Build a regression model FOR EACH example

Hi,
Following my previous question (https://community.rapidminer.com/discussion/55089), I'm posting a different question regarding my next step.

I got a data set in which each row is a series of [value, date] points.
My goal is to build a linear regression model for each row.

Is it possible?...

Thanks,
Avihay

Find more posts tagged with

AI Studio

Linear Regression

Accepted answers

All comments

Telcontar120

Of course it is possible. You can use a Loop Examples to do so and then simply put your ML algorithm inside (and no need for split or cross validation if you are doing one at a time). But of course the related question would be why this is necessary? The variance of models produced on a single example is extraordinarily high and would probably not be robust. Plus you would have a high number of models to manage.
If you want something similar, you can also check out the "leave one out" cross-validation approach. This builds a model on n-1 examples (where n is your total example counts) and then validates that model on each example separately.

leviavihay

Hi @Telcontar120
I will go over the "Loop Examples" operator info, thanks.
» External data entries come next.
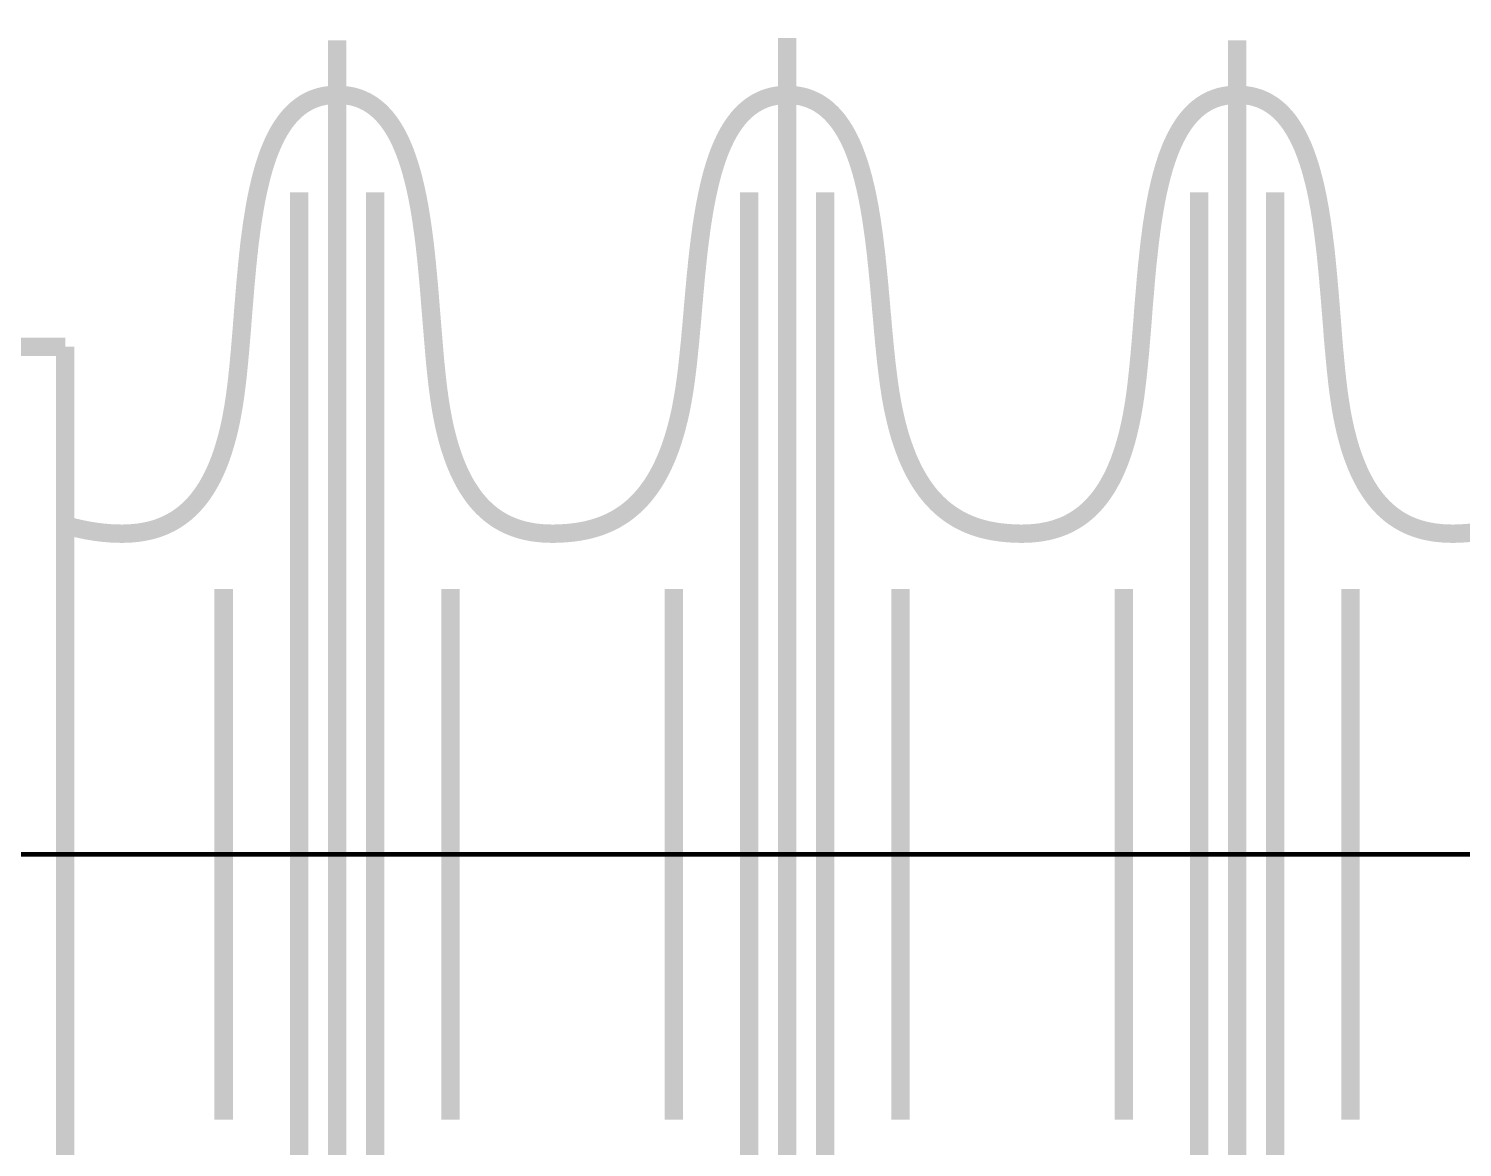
# Model space of a CAD drawing. Header units: inches. Extents: x 0 to 1068, y 0 to 297.
# Drawn here: x 591.2 to 755.1, y 161.7 to 289.7 of the extents above; entities that cross this region are included whole.
import ezdxf

# ---------------------------------------------------------------- set-up
doc = ezdxf.new("R2010")
doc.units = ezdxf.units.IN
doc.header["$MEASUREMENT"] = 0
doc.linetypes.add('ACAD_ISO10W100', pattern=[18, 12, -3, 0, -3])
doc.layers.add('ZAWIESIE 2D', color=255, linetype='Continuous')

msp = doc.modelspace()

# ---------------------------------------------------------------- linework, layer by layer
at = {"layer": 'ZAWIESIE 2D', "lineweight": 18, "const_width": 2.1}
for points in [[(626.45, 288.36), (626.45, 102.13)], [(677.91, 288.63), (677.91, 102.13)], [(729.38, 288.36), (729.38, 102.13)], [(626.35, 282.11), (626.2, 282.11), (626.05, 282.1), (625.9, 282.1), (625.75, 282.09), (625.6, 282.07), (625.46, 282.06), (625.31, 282.04), (625.17, 282.02), (625.03, 282), (624.89, 281.97), (624.76, 281.94), (624.62, 281.91), (624.49, 281.88), (624.35, 281.84), (624.22, 281.8), (624.09, 281.76), (623.96, 281.71), (623.83, 281.67), (623.71, 281.62), (623.58, 281.57), (623.46, 281.51), (623.34, 281.45), (623.22, 281.4), (623.1, 281.33), (622.98, 281.27), (622.87, 281.2), (622.75, 281.14), (622.64, 281.07), (622.53, 280.99), (622.42, 280.92), (622.31, 280.84), (622.2, 280.76), (622.09, 280.68), (621.99, 280.59), (621.88, 280.51), (621.78, 280.42), (621.68, 280.33), (621.58, 280.23), (621.48, 280.14), (621.38, 280.04), (621.28, 279.94), (621.19, 279.84), (621.09, 279.74), (621, 279.63), (620.91, 279.53), (620.82, 279.42), (620.73, 279.31), (620.64, 279.19), (620.55, 279.08), (620.46, 278.96), (620.38, 278.84), (620.3, 278.72), (620.21, 278.6), (620.13, 278.47), (620.05, 278.35), (619.97, 278.22), (619.89, 278.09), (619.81, 277.96), (619.74, 277.82), (619.66, 277.69), (619.59, 277.55), (619.52, 277.41), (619.44, 277.27), (619.37, 277.13), (619.3, 276.99), (619.23, 276.84), (619.16, 276.7), (619.1, 276.55), (619.03, 276.4), (618.97, 276.25), (618.9, 276.09), (618.84, 275.94), (618.77, 275.78), (618.71, 275.63), (618.65, 275.47), (618.59, 275.31), (618.53, 275.15), (618.47, 274.98), (618.42, 274.82), (618.36, 274.65), (618.31, 274.49), (618.25, 274.32), (618.2, 274.15), (618.14, 273.98), (618.09, 273.8), (618.04, 273.63), (617.99, 273.46), (617.94, 273.28), (617.89, 273.1), (617.84, 272.92), (617.79, 272.75), (617.75, 272.56), (617.7, 272.38), (617.66, 272.2), (617.61, 272.02), (617.57, 271.83), (617.53, 271.65), (617.48, 271.46), (617.44, 271.27), (617.4, 271.08), (617.36, 270.89), (617.32, 270.7), (617.28, 270.51), (617.24, 270.32), (617.2, 270.12), (617.17, 269.93), (617.13, 269.73), (617.09, 269.54), (617.06, 269.34), (617.02, 269.14), (616.99, 268.94), (616.96, 268.74), (616.89, 268.34), (616.83, 267.94), (616.76, 267.53), (616.7, 267.12), (616.65, 266.71), (616.59, 266.3), (616.54, 265.88), (616.48, 265.46), (616.43, 265.04), (616.38, 264.62), (616.34, 264.2), (616.29, 263.78), (616.25, 263.35), (616.2, 262.92), (616.16, 262.5), (616.12, 262.07), (616.08, 261.64), (616.04, 261.21), (615.96, 260.35), (615.89, 259.49), (615.82, 258.63), (615.75, 257.78), (615.71, 257.35), (615.68, 256.92), (615.65, 256.5), (615.61, 256.07), (615.58, 255.65), (615.55, 255.23), (615.51, 254.81), (615.48, 254.4), (615.44, 253.98), (615.41, 253.57), (615.37, 253.16), (615.34, 252.75), (615.3, 252.34), (615.26, 251.94), (615.23, 251.54), (615.19, 251.15), (615.15, 250.75), (615.11, 250.36), (615.07, 249.98), (615.05, 249.78), (615.03, 249.59), (615, 249.4), (614.98, 249.21), (614.96, 249.03), (614.94, 248.84), (614.91, 248.65), (614.89, 248.47), (614.87, 248.28), (614.84, 248.1), (614.82, 247.92), (614.79, 247.74), (614.77, 247.56), (614.74, 247.38), (614.72, 247.2), (614.69, 247.03), (614.66, 246.85), (614.64, 246.68), (614.61, 246.51), (614.58, 246.34), (614.55, 246.17), (614.52, 246), (614.49, 245.83), (614.46, 245.66), (614.43, 245.5), (614.4, 245.34), (614.37, 245.17), (614.34, 245.01), (614.31, 244.85), (614.27, 244.69), (614.24, 244.54), (614.21, 244.38), (614.17, 244.23), (614.14, 244.07), (614.11, 243.92), (614.07, 243.77), (614.03, 243.62), (614, 243.47), (613.96, 243.32), (613.92, 243.18), (613.89, 243.03), (613.85, 242.89), (613.81, 242.75), (613.77, 242.6), (613.73, 242.46), (613.69, 242.33), (613.65, 242.19), (613.61, 242.05), (613.57, 241.91), (613.53, 241.78), (613.49, 241.65), (613.45, 241.51), (613.41, 241.38), (613.36, 241.25), (613.32, 241.12), (613.28, 241), (613.23, 240.87), (613.19, 240.74), (613.15, 240.62), (613.1, 240.5), (613.06, 240.37), (613.01, 240.25), (612.96, 240.13), (612.92, 240.01), (612.87, 239.9), (612.82, 239.78), (612.78, 239.66), (612.73, 239.55), (612.68, 239.44), (612.63, 239.32), (612.58, 239.21), (612.53, 239.1), (612.48, 238.99), (612.43, 238.88), (612.38, 238.78), (612.33, 238.67), (612.28, 238.57), (612.23, 238.46), (612.18, 238.36), (612.13, 238.26), (612.07, 238.16), (612.02, 238.06), (611.97, 237.96), (611.91, 237.86), (611.86, 237.76), (611.81, 237.67), (611.75, 237.57), (611.7, 237.48), (611.64, 237.38), (611.59, 237.29), (611.53, 237.2), (611.47, 237.11), (611.42, 237.02), (611.36, 236.93), (611.3, 236.84), (611.25, 236.76), (611.19, 236.67), (611.13, 236.59), (611.07, 236.5), (611.02, 236.42), (610.96, 236.34), (610.9, 236.26), (610.84, 236.18), (610.78, 236.1), (610.72, 236.02), (610.66, 235.95), (610.6, 235.87), (610.54, 235.79), (610.42, 235.65), (610.29, 235.5), (610.17, 235.36), (610.04, 235.22), (609.92, 235.09), (609.79, 234.96), (609.66, 234.83), (609.53, 234.71), (609.4, 234.59), (609.27, 234.47), (609.14, 234.35), (609, 234.24), (608.87, 234.13), (608.73, 234.03), (608.6, 233.93), (608.46, 233.83), (608.32, 233.73), (608.18, 233.64), (608.05, 233.55), (607.9, 233.46), (607.76, 233.38), (607.62, 233.3), (607.48, 233.22), (607.34, 233.14), (607.19, 233.07), (607.05, 233), (606.9, 232.93), (606.76, 232.86), (606.61, 232.8), (606.46, 232.74), (606.32, 232.68), (606.17, 232.63), (606.02, 232.57), (605.87, 232.52), (605.72, 232.47), (605.57, 232.43), (605.42, 232.38), (605.27, 232.34), (605.11, 232.3), (604.96, 232.27), (604.81, 232.23), (604.66, 232.2), (604.5, 232.17), (604.35, 232.14), (604.19, 232.11), (604.04, 232.09), (603.88, 232.06), (603.73, 232.04), (603.57, 232.02), (603.42, 232.01), (603.26, 231.99), (603.1, 231.98), (602.95, 231.96), (602.79, 231.95), (602.63, 231.94), (602.47, 231.94), (602.32, 231.93), (602.16, 231.93), (602, 231.92), (601.84, 231.92), (601.69, 231.92), (601.53, 231.93), (601.37, 231.93), (601.21, 231.93), (601.05, 231.94), (600.89, 231.94), (600.74, 231.95), (600.58, 231.96), (600.42, 231.97), (600.26, 231.98), (600.1, 232), (599.94, 232.01), (599.78, 232.02), (599.63, 232.04), (599.47, 232.06), (599.31, 232.08), (599.15, 232.1), (598.99, 232.12), (598.84, 232.14), (598.68, 232.16), (598.52, 232.19), (598.36, 232.21), (598.2, 232.24), (598.04, 232.27), (597.89, 232.29), (597.73, 232.32), (597.57, 232.36), (597.41, 232.39), (597.25, 232.42), (597.1, 232.46), (596.94, 232.49), (596.78, 232.53), (596.62, 232.57), (596.46, 232.6), (596.31, 232.64), (596.15, 232.69), (595.99, 232.73), (595.83, 232.77), (595.67, 232.82), (595.52, 232.86), (595.36, 232.91)], [(626.55, 282.11), (626.68, 282.11), (626.81, 282.11), (626.94, 282.1), (627.07, 282.09), (627.2, 282.08), (627.32, 282.07), (627.45, 282.06), (627.57, 282.04), (627.7, 282.02), (627.82, 282), (627.94, 281.98), (628.06, 281.96), (628.18, 281.93), (628.3, 281.9), (628.41, 281.88), (628.53, 281.84), (628.64, 281.81), (628.76, 281.77), (628.87, 281.74), (628.98, 281.7), (629.09, 281.66), (629.2, 281.61), (629.31, 281.57), (629.41, 281.52), (629.52, 281.47), (629.62, 281.42), (629.73, 281.37), (629.83, 281.32), (629.93, 281.26), (630.03, 281.2), (630.13, 281.14), (630.23, 281.08), (630.33, 281.02), (630.42, 280.96), (630.52, 280.89), (630.61, 280.82), (630.71, 280.75), (630.8, 280.68), (630.89, 280.61), (630.98, 280.53), (631.07, 280.46), (631.16, 280.38), (631.25, 280.3), (631.34, 280.22), (631.42, 280.14), (631.51, 280.05), (631.59, 279.97), (631.67, 279.88), (631.76, 279.79), (631.84, 279.7), (631.92, 279.61), (632, 279.52), (632.08, 279.42), (632.15, 279.33), (632.23, 279.23), (632.31, 279.13), (632.38, 279.03), (632.46, 278.93), (632.53, 278.82), (632.6, 278.72), (632.68, 278.61), (632.75, 278.5), (632.82, 278.39), (632.89, 278.28), (632.95, 278.17), (633.02, 278.06), (633.09, 277.95), (633.16, 277.83), (633.22, 277.71), (633.29, 277.59), (633.35, 277.47), (633.41, 277.35), (633.48, 277.23), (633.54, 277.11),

Regarding you comment about whether it's even necessary - in this case each row is a different device. For each device I got different reads in different dates. I wish to build a linear regression model (for now) for each one to predict when it will go over a certain threshold (different one for each device)

Telcontar120

So an alternative approach to building separate models would be to include device type as a potential predictor, and then use LOO cross-validation as noted above. Basically, if you believe that similar predictive patterns should hold across devices, then you could use a combined model to make your prediction.
I would certainly at least check the performance of such a combined model before I went down the road of building and managing many separate models.
Another significant problem with your approach is that it will be very difficult to measure or assess the accuracy of the approach over time, since you will only have one record for which you can validate the model in the future (presumably, although if you have multiple time periods from the same device then you might be able to increase your sample in that way).